Dataset entries:
------------------------
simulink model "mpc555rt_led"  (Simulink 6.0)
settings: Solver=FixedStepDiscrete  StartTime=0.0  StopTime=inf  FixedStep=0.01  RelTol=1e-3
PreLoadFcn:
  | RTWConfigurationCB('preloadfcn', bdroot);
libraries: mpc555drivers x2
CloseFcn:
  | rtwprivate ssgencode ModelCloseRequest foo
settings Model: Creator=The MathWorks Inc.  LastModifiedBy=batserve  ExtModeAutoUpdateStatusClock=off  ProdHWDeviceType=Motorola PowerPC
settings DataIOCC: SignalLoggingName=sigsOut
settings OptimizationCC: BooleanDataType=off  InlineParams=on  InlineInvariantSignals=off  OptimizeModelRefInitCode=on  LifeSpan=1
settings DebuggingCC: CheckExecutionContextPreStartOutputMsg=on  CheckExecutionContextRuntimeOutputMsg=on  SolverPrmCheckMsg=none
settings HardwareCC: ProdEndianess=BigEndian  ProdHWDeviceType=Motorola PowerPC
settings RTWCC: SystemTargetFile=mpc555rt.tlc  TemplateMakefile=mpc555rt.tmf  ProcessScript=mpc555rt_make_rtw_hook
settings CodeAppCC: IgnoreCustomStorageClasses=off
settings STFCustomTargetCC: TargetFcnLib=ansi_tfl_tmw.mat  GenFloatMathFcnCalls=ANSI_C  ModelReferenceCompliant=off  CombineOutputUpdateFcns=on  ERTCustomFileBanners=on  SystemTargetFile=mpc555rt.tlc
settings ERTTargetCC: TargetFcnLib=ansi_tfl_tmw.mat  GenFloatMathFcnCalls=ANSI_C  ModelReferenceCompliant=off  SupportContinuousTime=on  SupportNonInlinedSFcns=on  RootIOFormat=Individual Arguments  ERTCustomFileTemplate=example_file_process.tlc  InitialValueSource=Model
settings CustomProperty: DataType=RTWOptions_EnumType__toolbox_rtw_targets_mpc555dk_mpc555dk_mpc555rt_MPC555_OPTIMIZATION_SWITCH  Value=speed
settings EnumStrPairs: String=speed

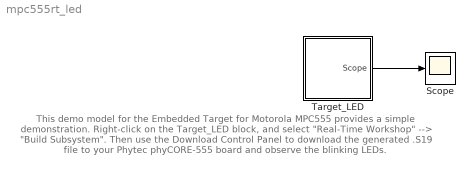
== system mpc555rt_led ==
  note: This demo model for the Embedded Target for
      | Motorola MPC555 provides a simple demonstration.
      |
      | Right-click on the Target_LED block, and select
      | "Real-Time Workshop" --> "Build Subsystem".
      | Then use the Download Control Panel to
      | download the generated .S19 file to your
      | Phytec phyCORE-555 board and observe the
      | blinking LEDs.
  Scope : Scope
      settings: YMin=0  YMax=1
  Target_LED : Subsystem  InitFcn=|  PropExecContextAcrossSSBoundary=on
      | % START RTW CONFIGURATION CODE %
      | RTWConfigurationCB('rtw_target_initfcn',gcb);
      | % END RTW CONFIGURATION CODE %
      mask Display: image(imread('target_affordance_icon.jpg'),'bottom-right')
  wires:
  Target_LED/1(Scope) -> Scope/1

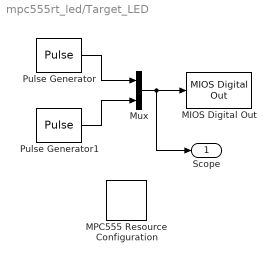
== system mpc555rt_led/Target_LED ==
  MIOS Digital Out : mpc555drivers/Modular Input//Output System (MIOS1)/MIOS Digital Out  bits=[0 1]  t=-1  enablePassThru=off
  MPC555 Resource Configuration : mpc555drivers/MPC555 Resource Configuration  Tag=RTW CONFIGURATION BLOCK  AncestorBlock=|  oldParentName=mpc555rt_led/Target_LED  oldBlockName=|  defaultConfigLibrary=mpc555drivers
      AncestorBlock=|
      | config_library/Subsystem
      | Resource
      | Configuration
      oldBlockName=|
      | mpc555rt_led/Target_LED/MPC555
      | Resource
      | Configuration
  Mux : Mux  Inputs=2
  Pulse Generator : DiscretePulseGenerator  Period=100  PulseWidth=50  SampleTime=0.01  VectorParams1D=off
  Pulse Generator1 : DiscretePulseGenerator  Period=50  PulseWidth=25  SampleTime=0.01
  Scope : Outport
  wires:
  Mux/1 -> MIOS Digital Out/1, Scope/1
  Pulse Generator/1 -> Mux/1
  Pulse Generator1/1 -> Mux/2
------------------------
Search the records above for the string "Motorola" and copy each line that holds it.

### OUTPUT OF THE EXERCISE
settings Model: Creator=The MathWorks Inc.  LastModifiedBy=batserve  ExtModeAutoUpdateStatusClock=off  ProdHWDeviceType=Motorola PowerPC
settings HardwareCC: ProdEndianess=BigEndian  ProdHWDeviceType=Motorola PowerPC
      | Motorola MPC555 provides a simple demonstration.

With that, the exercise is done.